[Task] Begin at the line containing "constraint perpendicular L2 L3" in the data below and go on through the line containing "constraint perpendicular L21 L26", repeating each line exactly; include both ends and no other line.

---- Given data

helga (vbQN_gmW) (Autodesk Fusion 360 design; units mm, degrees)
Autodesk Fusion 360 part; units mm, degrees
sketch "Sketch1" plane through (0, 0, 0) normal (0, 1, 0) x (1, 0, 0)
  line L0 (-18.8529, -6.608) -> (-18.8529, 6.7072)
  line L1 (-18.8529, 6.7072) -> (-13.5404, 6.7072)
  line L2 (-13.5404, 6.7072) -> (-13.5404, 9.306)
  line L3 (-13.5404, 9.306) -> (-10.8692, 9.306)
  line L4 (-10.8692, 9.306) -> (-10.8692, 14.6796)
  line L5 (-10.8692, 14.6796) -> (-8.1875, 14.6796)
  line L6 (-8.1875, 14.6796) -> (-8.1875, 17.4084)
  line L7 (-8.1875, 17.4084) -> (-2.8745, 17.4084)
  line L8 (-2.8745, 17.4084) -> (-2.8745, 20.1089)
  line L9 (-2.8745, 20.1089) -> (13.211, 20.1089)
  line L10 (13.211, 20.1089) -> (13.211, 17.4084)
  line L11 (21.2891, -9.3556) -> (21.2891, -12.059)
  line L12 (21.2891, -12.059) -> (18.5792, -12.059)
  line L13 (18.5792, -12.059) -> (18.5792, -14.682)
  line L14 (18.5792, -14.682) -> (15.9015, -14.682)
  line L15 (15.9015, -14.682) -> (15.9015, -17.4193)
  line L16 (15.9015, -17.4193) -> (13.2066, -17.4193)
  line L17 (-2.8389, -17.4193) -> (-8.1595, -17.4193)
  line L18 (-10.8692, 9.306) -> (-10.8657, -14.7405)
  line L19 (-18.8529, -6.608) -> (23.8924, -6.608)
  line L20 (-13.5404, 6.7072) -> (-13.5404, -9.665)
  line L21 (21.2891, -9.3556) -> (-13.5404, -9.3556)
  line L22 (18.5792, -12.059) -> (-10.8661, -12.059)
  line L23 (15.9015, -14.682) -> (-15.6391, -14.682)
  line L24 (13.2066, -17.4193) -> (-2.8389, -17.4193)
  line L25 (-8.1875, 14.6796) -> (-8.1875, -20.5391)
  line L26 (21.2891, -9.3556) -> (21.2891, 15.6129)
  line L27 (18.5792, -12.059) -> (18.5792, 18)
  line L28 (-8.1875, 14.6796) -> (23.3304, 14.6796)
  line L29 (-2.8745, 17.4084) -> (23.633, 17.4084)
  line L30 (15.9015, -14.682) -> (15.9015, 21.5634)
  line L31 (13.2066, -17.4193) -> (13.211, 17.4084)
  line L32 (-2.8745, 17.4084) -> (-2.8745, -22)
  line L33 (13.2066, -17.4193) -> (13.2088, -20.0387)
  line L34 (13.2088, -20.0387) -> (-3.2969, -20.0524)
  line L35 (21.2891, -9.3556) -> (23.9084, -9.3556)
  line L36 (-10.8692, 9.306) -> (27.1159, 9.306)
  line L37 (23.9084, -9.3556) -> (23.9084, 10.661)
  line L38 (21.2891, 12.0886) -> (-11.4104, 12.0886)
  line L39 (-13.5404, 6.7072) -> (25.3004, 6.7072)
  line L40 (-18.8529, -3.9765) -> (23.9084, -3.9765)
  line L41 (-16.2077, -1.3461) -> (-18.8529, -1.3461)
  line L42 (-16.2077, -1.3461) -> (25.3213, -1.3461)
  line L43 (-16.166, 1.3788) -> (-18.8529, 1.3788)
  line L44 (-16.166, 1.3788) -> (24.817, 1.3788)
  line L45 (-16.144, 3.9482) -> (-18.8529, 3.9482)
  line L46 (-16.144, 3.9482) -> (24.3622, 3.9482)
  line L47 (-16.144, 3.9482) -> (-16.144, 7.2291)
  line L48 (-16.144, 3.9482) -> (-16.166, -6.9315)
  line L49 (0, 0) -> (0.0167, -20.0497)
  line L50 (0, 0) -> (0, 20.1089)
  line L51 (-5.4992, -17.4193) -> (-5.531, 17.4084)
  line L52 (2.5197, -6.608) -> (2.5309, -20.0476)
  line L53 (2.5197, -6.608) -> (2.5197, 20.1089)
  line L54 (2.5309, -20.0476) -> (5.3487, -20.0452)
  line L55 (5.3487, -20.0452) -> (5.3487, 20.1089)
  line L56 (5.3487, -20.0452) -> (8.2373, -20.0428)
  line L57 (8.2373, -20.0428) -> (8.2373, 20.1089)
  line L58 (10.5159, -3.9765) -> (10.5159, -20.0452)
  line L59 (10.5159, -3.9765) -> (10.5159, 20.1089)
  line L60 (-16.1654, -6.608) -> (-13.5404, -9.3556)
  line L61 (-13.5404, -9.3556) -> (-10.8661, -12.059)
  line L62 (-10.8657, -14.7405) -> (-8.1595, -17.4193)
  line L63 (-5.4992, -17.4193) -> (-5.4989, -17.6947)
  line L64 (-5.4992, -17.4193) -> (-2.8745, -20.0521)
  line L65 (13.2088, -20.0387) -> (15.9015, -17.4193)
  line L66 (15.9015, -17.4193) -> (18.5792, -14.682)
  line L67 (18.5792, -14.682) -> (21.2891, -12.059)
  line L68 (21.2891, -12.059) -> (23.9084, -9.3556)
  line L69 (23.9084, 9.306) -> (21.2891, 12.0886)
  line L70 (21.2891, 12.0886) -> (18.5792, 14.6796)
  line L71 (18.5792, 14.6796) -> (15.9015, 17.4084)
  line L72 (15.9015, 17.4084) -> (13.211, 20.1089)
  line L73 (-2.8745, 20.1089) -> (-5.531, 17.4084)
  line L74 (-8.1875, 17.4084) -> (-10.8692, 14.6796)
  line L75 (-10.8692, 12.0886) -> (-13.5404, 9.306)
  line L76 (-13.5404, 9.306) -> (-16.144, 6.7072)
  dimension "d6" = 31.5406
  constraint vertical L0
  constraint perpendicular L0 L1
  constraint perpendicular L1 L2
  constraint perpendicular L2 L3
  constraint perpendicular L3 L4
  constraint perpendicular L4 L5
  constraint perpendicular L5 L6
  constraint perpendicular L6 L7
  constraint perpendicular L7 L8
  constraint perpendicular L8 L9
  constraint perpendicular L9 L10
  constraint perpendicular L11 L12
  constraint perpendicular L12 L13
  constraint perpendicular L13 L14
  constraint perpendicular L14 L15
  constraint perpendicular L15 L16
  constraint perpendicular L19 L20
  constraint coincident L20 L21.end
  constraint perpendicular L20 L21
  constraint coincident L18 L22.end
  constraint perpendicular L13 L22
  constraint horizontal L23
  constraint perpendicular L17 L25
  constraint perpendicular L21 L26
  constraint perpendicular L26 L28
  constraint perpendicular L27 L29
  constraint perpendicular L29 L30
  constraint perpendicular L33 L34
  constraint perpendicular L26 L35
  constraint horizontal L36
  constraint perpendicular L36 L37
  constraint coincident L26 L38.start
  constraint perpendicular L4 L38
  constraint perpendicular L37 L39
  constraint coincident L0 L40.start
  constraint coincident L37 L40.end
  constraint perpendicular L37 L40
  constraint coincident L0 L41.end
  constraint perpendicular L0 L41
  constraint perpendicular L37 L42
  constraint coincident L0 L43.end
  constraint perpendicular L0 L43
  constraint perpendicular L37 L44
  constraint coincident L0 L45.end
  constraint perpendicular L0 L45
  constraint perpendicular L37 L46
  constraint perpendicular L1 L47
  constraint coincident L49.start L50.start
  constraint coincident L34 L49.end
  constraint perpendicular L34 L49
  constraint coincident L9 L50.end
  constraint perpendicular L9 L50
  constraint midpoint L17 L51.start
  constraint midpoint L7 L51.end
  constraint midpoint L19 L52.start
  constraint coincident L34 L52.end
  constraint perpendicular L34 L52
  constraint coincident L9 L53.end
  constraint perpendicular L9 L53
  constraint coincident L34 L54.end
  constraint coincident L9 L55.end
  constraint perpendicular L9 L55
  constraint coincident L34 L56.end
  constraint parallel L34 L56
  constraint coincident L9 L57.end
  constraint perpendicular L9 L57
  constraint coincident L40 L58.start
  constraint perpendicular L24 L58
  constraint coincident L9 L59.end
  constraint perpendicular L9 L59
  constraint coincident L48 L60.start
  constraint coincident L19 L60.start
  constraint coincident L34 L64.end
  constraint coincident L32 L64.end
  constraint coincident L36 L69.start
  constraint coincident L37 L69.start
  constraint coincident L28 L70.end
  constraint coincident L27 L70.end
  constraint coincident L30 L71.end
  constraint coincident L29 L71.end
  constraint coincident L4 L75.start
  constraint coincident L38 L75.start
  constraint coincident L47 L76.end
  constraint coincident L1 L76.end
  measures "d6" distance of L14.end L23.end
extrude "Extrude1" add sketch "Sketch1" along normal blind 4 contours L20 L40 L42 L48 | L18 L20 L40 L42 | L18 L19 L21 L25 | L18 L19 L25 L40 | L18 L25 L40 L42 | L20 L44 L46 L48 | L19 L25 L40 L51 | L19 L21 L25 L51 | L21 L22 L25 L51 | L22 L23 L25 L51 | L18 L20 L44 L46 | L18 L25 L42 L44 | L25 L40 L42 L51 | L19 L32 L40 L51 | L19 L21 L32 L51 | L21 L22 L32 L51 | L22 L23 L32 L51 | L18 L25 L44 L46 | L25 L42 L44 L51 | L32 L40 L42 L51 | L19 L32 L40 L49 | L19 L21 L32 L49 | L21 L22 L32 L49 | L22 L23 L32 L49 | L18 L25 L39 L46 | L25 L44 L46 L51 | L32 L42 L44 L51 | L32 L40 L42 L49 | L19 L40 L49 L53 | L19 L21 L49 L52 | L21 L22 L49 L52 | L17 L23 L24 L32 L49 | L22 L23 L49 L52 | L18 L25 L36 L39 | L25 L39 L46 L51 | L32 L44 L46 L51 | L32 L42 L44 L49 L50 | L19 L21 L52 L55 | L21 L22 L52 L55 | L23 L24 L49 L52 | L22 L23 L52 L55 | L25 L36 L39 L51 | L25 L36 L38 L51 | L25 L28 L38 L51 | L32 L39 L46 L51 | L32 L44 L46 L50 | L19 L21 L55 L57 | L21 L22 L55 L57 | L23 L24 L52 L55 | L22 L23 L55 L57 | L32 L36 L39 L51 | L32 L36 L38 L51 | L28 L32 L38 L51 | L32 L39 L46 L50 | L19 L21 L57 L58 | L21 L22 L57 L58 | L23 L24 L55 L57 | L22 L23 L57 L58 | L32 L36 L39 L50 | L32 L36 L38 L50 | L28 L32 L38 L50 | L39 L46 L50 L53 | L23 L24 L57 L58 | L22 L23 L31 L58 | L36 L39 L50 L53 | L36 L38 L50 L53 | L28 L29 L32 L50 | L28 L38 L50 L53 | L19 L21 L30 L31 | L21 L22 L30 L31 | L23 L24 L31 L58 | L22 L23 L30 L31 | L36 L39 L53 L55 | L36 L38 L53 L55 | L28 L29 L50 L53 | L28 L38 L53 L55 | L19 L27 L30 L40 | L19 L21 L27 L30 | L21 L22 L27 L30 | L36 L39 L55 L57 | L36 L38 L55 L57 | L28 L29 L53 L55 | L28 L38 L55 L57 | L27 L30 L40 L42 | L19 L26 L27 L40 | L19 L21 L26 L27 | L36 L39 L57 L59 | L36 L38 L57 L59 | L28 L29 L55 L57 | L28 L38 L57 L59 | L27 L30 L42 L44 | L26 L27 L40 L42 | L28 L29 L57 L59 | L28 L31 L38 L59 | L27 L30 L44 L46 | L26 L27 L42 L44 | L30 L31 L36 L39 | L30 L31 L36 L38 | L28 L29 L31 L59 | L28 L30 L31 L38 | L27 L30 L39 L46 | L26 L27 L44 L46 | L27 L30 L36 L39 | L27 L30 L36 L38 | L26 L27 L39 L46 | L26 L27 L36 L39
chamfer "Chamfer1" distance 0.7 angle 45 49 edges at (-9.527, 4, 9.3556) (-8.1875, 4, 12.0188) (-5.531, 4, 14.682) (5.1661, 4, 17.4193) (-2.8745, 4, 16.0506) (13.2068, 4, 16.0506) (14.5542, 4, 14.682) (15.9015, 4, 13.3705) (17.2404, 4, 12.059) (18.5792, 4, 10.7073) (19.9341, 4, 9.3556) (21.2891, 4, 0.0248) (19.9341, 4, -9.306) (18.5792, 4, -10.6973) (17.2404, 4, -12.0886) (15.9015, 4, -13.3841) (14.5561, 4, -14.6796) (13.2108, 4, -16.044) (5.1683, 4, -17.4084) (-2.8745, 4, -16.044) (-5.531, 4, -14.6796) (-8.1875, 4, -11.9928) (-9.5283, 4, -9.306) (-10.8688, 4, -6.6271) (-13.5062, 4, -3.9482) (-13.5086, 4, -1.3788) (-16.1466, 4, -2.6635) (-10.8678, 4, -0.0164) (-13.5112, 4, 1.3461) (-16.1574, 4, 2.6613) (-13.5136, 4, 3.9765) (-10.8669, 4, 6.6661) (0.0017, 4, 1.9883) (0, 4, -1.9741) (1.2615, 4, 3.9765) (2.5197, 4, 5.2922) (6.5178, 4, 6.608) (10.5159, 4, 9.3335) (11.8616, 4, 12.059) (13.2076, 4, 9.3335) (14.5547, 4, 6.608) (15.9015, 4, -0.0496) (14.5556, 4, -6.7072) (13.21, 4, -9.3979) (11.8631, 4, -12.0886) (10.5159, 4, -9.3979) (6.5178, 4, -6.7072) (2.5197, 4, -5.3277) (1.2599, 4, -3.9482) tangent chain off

--------

[Solution for this problem]
  constraint perpendicular L2 L3
  constraint perpendicular L3 L4
  constraint perpendicular L4 L5
  constraint perpendicular L5 L6
  constraint perpendicular L6 L7
  constraint perpendicular L7 L8
  constraint perpendicular L8 L9
  constraint perpendicular L9 L10
  constraint perpendicular L11 L12
  constraint perpendicular L12 L13
  constraint perpendicular L13 L14
  constraint perpendicular L14 L15
  constraint perpendicular L15 L16
  constraint perpendicular L19 L20
  constraint coincident L20 L21.end
  constraint perpendicular L20 L21
  constraint coincident L18 L22.end
  constraint perpendicular L13 L22
  constraint horizontal L23
  constraint perpendicular L17 L25
  constraint perpendicular L21 L26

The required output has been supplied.